_AIM OF THE TASK_. Wherever a line below holds the word "name", copy that line.

_INPUT DATA_.
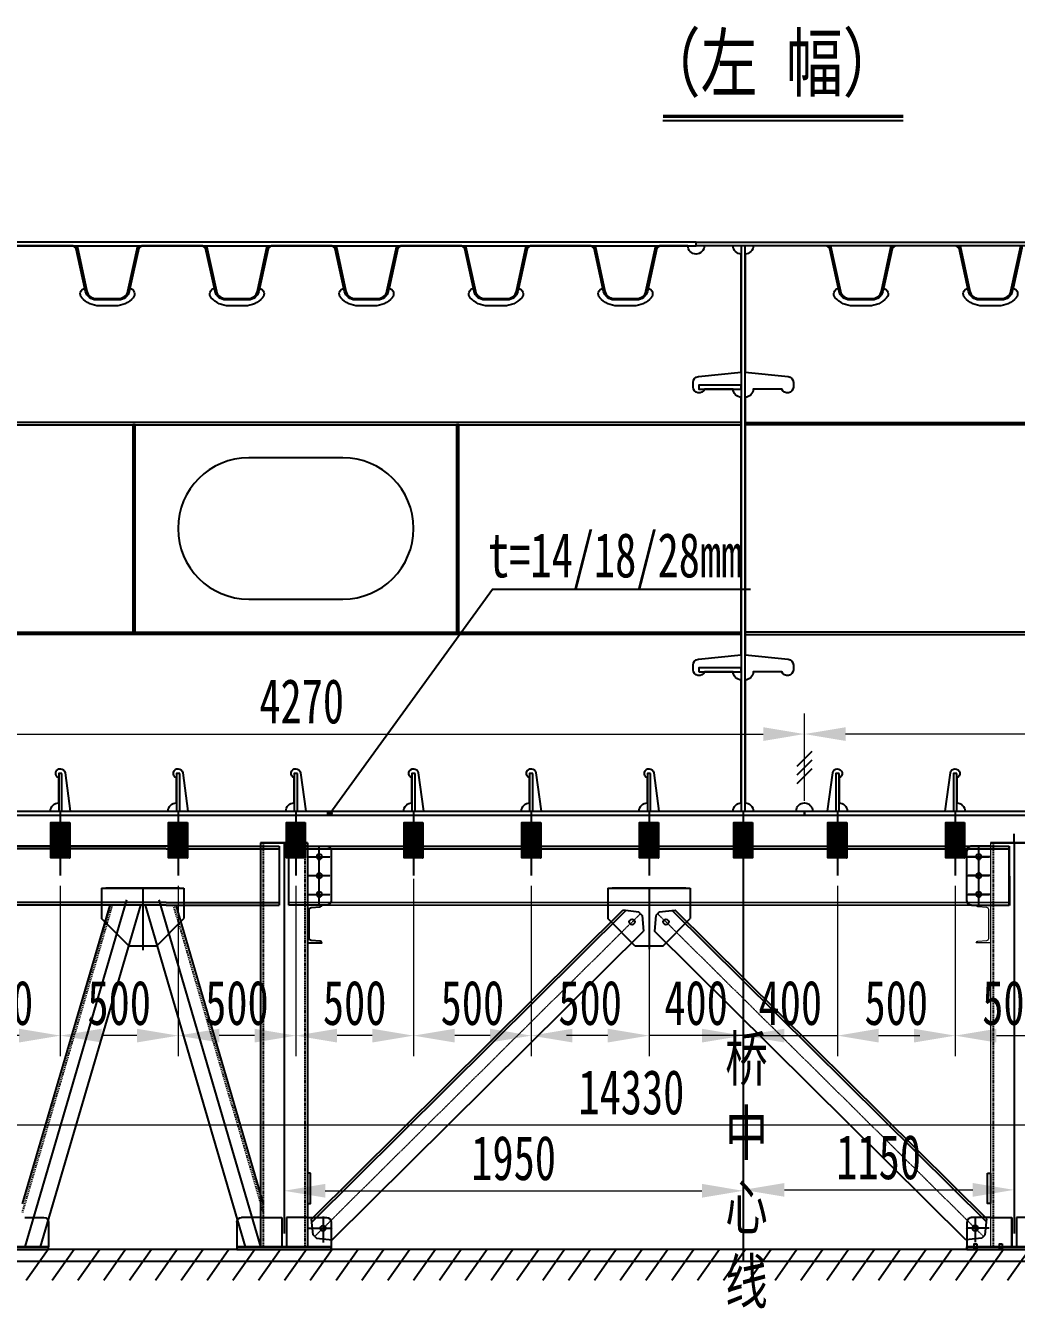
# Model space of a CAD drawing. Extents: x -158665 to 747974, y -1078007 to -307893.
# Drawn here: x 563359 to 567566, y -708198 to -702753 of the extents above; entities that cross this region are included whole.
import ezdxf

# ---------------------------------------------------------------- set-up
doc = ezdxf.new("R2010")
doc.units = 0
doc.header["$LTSCALE"] = 0.02
doc.header["$MEASUREMENT"] = 0
doc.header["$PDMODE"] = 35
doc.header["$PDSIZE"] = 150
for name, pattern in [('ACAD_ISO10W100', [18, 12, -3, 0, -3]), ('CENTER', [2, 1.25, -0.25, 0.25, -0.25]), ('DASHEDX2', [38.1, 25.4, -12.7])]:
    doc.linetypes.add(name, pattern=pattern)
doc.layers.get('0').update_dxf_attribs({"linetype": 'CONTINUOUS'})
doc.layers.get('Defpoints').update_dxf_attribs({"linetype": 'CONTINUOUS'})
doc.layers.add('1', color=1, linetype='CONTINUOUS')
doc.layers.add('中心线(CENTER)', color=1, linetype='CENTER', lineweight=13)
doc.layers.add('文字层', color=4, linetype='CONTINUOUS', lineweight=13)
doc.styles.add('仿宋', font='仿宋_GB2312_1.ttf', dxfattribs={"width": 0.7})
doc.dimstyles.new('70', dxfattribs={"dimscale": 70, "dimtxt": 2.7, "dimasz": 2.5, "dimexe": 1.25, "dimexo": 0.625, "dimtad": 1, "dimdec": 0, "dimdsep": 46, "dimtxsty": '仿宋', "dimcen": 2.5, "dimclrd": 3, "dimclre": 3, "dimclrt": 4, "dimazin": 0, "dimtfac": 1, "dimtdec": 0, "dimtmove": 0, "dimatfit": 3, "dimfxl": 1.25, "dimlwd": 13, "dimlwe": 13, "dimarcsym": 0})

# ---------------------------------------------------------------- blocks, each defined once
blk = doc.blocks.new('f d')
at = {"color": 8}
for p, q in [((-200, 0), (0, 0)), ((-1825, -192.3), (-1475, -192.3)), ((-1493.7, -192.3), (-1806.2, -192.3)), ((-1475, -192.3), (-1475, -320.6)), ((1625, -192.3), (1275, -192.3)), ((1275, -192.3), (1275, -320.6)), ((1293.7, -192.3), (1606.2, -192.3)), ((1450, -192.3), (1450, -451)), ((-300, -1610.5), (-300, -1714)), ((-299.9, -1610.5), (-299.9, -1722.5)), ((-199.9, -1590.5), (-279.9, -1590.5)), ((-200, -1590.5), (-110, -1590.5)), ((-199.9, -1590.5), (-109.9, -1590.5)), ((-110, -1590.5), (-110, -1714)), ((-109.9, -1590.5), (-109.9, -1714.5)), ((0, -1590.5), (-90, -1590.5)), ((-90, -1590.5), (-90, -1714)), ((100, -1610.5), (100, -1714)), ((-300, -1714), (100, -1714)), ((100, -1714), (-300, -1714)), ((-300, -1726), (-300, -1714)), ((-300, -1726), (-300, -1714)), ((-300, -1726), (100, -1726)), ((100, -1726), (-300, -1726)), ((50, -1714), (-250, -1714)), ((-250, -1714), (50, -1714)), ((-250, -1714), (-208, -1714)), ((-250, -1714), (-208, -1714)), ((-250, -1714), (-208, -1714)), ((-250, -1714), (-208, -1714)), ((-30, -1726), (-170, -1726)), ((-170, -1726), (-30, -1726)), ((50, -1714), (8, -1714)), ((50, -1714), (8, -1714)), ((100, -1726), (100, -1714))]:
    blk.add_line(p, q, dxfattribs=at)
at = {"color": 8, "linetype": 'DASHEDX2', "ltscale": 10}
for p, q in [((-188, 0), (-188, -1714)), ((-188, 0), (-188, -1714)), ((-188, 0), (-188, -1714)), ((-12, 0), (-12, -1714))]:
    blk.add_line(p, q, dxfattribs=at)
at = {"color": 8, "ltscale": 50}
for p, q in [((-1825, -192.3), (-1825, -320.6)), ((1625, -192.3), (1625, -320.6)), ((-3083.5, -1596.6), (-1760.8, -286)), ((-3082.3, -1609.4), (-1748, -287.4)), ((-1708.2, -438.7), (-1825, -320.6)), ((-1708.1, -438.7), (-1825, -320.7)), ((-1693.6, -293.4), (-1760.8, -286)), ((-1686.6, -300.5), (-1693.6, -293.4)), ((-1686.6, -300.5), (-1679.5, -307.6)), ((-1679.5, -307.6), (-1672.8, -374.8)), ((-1620.4, -307.6), (-1627.1, -374.8)), ((-1613.4, -300.5), (-1620.4, -307.6)), ((-1613.4, -300.5), (-1606.4, -293.3)), ((-1606.4, -293.3), (-1539.2, -286)), ((-1591.8, -438.7), (-1475, -320.6)), ((-217.3, -1608.9), (-1552, -287.4)), ((-216, -1596.1), (-1539.2, -286)), ((16, -1596.1), (1339.2, -286)), ((17.3, -1608.9), (1352, -287.4)), ((1391.8, -438.7), (1275, -320.6)), ((1406.4, -293.3), (1339.2, -286)), ((1413.4, -300.5), (1406.4, -293.3)), ((1413.4, -300.5), (1420.4, -307.6)), ((1420.4, -307.6), (1427.1, -374.8)), ((1479.5, -307.6), (1472.8, -374.8)), ((1486.6, -300.5), (1479.5, -307.6)), ((1486.6, -300.5), (1493.6, -293.4)), ((1493.6, -293.4), (1560.8, -286)), ((1508.1, -438.7), (1625, -320.7)), ((1508.2, -438.7), (1625, -320.6)), ((2882.3, -1609.4), (1548, -287.4)), ((2883.5, -1596.6), (1560.8, -286)), ((-2995.5, -1685.4), (-1672.8, -374.8)), ((-303.9, -1684.9), (-1627.1, -374.8)), ((103.9, -1684.9), (1427.1, -374.8)), ((2795.5, -1685.4), (1472.8, -374.8)), ((-1591.8, -438.7), (-1708.2, -438.7)), ((1391.8, -438.7), (1508.2, -438.7)), ((-3076.8, -1663.9), (-3083.5, -1596.6)), ((-200, -1590.5), (-280, -1590.5)), ((-222.7, -1663.4), (-216, -1596.1)), ((0, -1590.5), (80, -1590.5)), ((22.7, -1663.4), (16, -1596.1)), ((2876.8, -1663.9), (2883.5, -1596.6)), ((-3069.8, -1671), (-3076.8, -1663.9)), ((-3069.8, -1671), (-3062.7, -1678.1)), ((-3062.7, -1678.1), (-2995.5, -1685.4)), ((-236.7, -1677.6), (-303.9, -1684.9)), ((-229.7, -1670.5), (-236.7, -1677.6)), ((-229.7, -1670.5), (-222.7, -1663.4)), ((29.7, -1670.5), (22.7, -1663.4)), ((29.7, -1670.5), (36.7, -1677.6)), ((36.7, -1677.6), (103.9, -1684.9)), ((2862.7, -1678.1), (2795.5, -1685.4)), ((2869.8, -1671), (2862.7, -1678.1)), ((2869.8, -1671), (2876.8, -1663.9))]:
    blk.add_line(p, q, dxfattribs=at)
at = {"color": 8, "ltscale": 5}
blk.add_line((-1650, -192.3), (-1650, -451), dxfattribs=at)
at = {"color": 8, "linetype": 'ACAD_ISO10W100', "ltscale": 10}
for p, q in [((-3034.3, -1585.8), (-3034.2, -1695.8)), ((-265.2, -1585.3), (-265.2, -1695.3)), ((65.2, -1585.3), (65.2, -1695.3)), ((2834.3, -1585.8), (2834.2, -1695.8)), ((-3094.3, -1635.8), (-2994.3, -1635.7)), ((-205.2, -1635.3), (-305.2, -1635.3)), ((5.2, -1635.3), (105.2, -1635.3)), ((2894.3, -1635.8), (2794.3, -1635.7))]:
    blk.add_line(p, q, dxfattribs=at)
at = {"color": 8}
for centre in [(-1722.1, -335.7), (-1722.1, -335.6), (-1577.9, -335.6), (1377.9, -335.6), (1522.1, -335.6), (1522.1, -335.7), (-3034.3, -1635.8), (-265.2, -1635.3), (65.2, -1635.3), (2834.3, -1635.8)]:
    blk.add_circle(centre, 11.6, dxfattribs=at)
for centre, start, end in [((-280, -1610.5), 90, 180), ((-279.9, -1610.5), 90, 180), ((80, -1610.5), 0, 90)]:
    blk.add_arc(centre, 20, start, end, dxfattribs=at)
at = {"layer": '中心线(CENTER)', "color": 8, "ltscale": 5}
for p, q in [((-3069.8, -1671), (-1686.6, -300.5)), ((-229.7, -1670.5), (-1613.4, -300.5)), ((29.7, -1670.5), (1413.4, -300.5)), ((2869.8, -1671), (1486.6, -300.5))]:
    blk.add_line(p, q, dxfattribs=at)
at = {"layer": '文字层', "color": 8}
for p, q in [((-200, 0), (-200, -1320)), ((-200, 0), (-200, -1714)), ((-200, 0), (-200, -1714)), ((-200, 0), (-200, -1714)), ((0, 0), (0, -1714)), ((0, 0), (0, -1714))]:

_EXERCISE SOLUTION_.
for name, pattern in [('ACAD_ISO10W100', [18, 12, -3, 0, -3]), ('CENTER', [2, 1.25, -0.25, 0.25, -0.25]), ('DASHEDX2', [38.1, 25.4, -12.7])]:
    doc.linetypes.add(name, pattern=pattern)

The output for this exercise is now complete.